(Entries shown Opens)
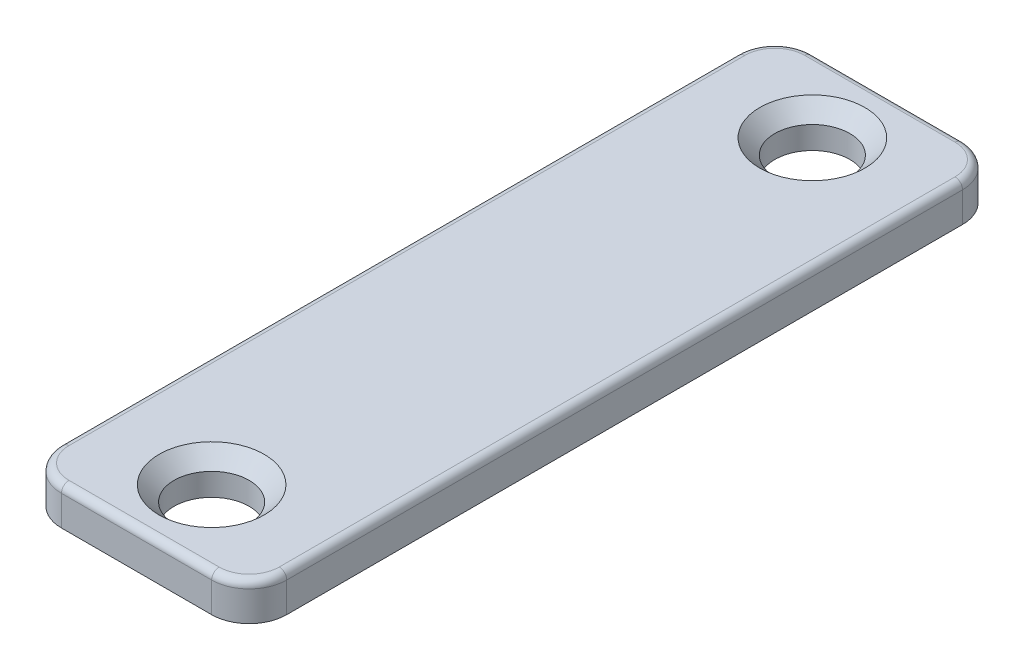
from build123d import *

# Parameters (mm, degrees)
SKETCH1_R           = 0.5
BOSS_EXTRUDE1_DEPTH = 0.5
FILLET1_R           = 0.1
CHAMFER1_SIZE       = 0.2


with BuildPart() as part:
    # Sketch1 → Boss-Extrude1 (new body)
    with BuildSketch(Plane(origin=(0, 0, 0), x_dir=(1, 0, 0), z_dir=(0, 1, 0))):
        with BuildLine():
            Line((1, -5), (-1, -5))
            ThreePointArc((-1, -5), (-1.353553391, -4.853553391), (-1.5, -4.5))
            Line((-1.5, -4.5), (-1.5, 4.5))
            ThreePointArc((-1.5, 4.5), (-1.353553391, 4.853553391), (-1, 5))
            Line((-1, 5), (1, 5))
            ThreePointArc((1, 5), (1.353553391, 4.853553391), (1.5, 4.5))
            Line((1.5, 4.5), (1.5, -4.5))
            ThreePointArc((1.5, -4.5), (1.353553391, -4.853553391), (1, -5))
        make_face()
        with Locations(Location((0, 4, 0), (0, 0, 270))):
            Circle(SKETCH1_R, mode=Mode.SUBTRACT)
        with Locations(Location((0, -4, 0), (0, 0, 270))):
            Circle(SKETCH1_R, mode=Mode.SUBTRACT)
    extrude(amount=BOSS_EXTRUDE1_DEPTH)

    # Fillet1
    fillet1_edges = [part.edges().sort_by_distance(p)[0] for p in [
        (1.353553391, 0.5, -4.853553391),
        (0, 0.5, -5),
        (-1.353553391, 0.5, -4.853553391),
        (-1.5, 0.5, 0),
        (-1.353553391, 0.5, 4.853553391),
        (0, 0.5, 5),
        (1.353553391, 0.5, 4.853553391),
        (1.5, 0.5, 0),
    ]]
    fillet(fillet1_edges, radius=FILLET1_R)

    # Chamfer1
    chamfer1_edges = [part.edges().sort_by_distance(p)[0] for p in [
        (0, 0.5, -4.5),
        (0, 0.5, 3.5),
    ]]
    chamfer(chamfer1_edges, length=CHAMFER1_SIZE)


solid = part.part
(Entries shown Closes)
Aim of the task
Count the lines above with the string "Location"; report only that figure.

Reply to the task
2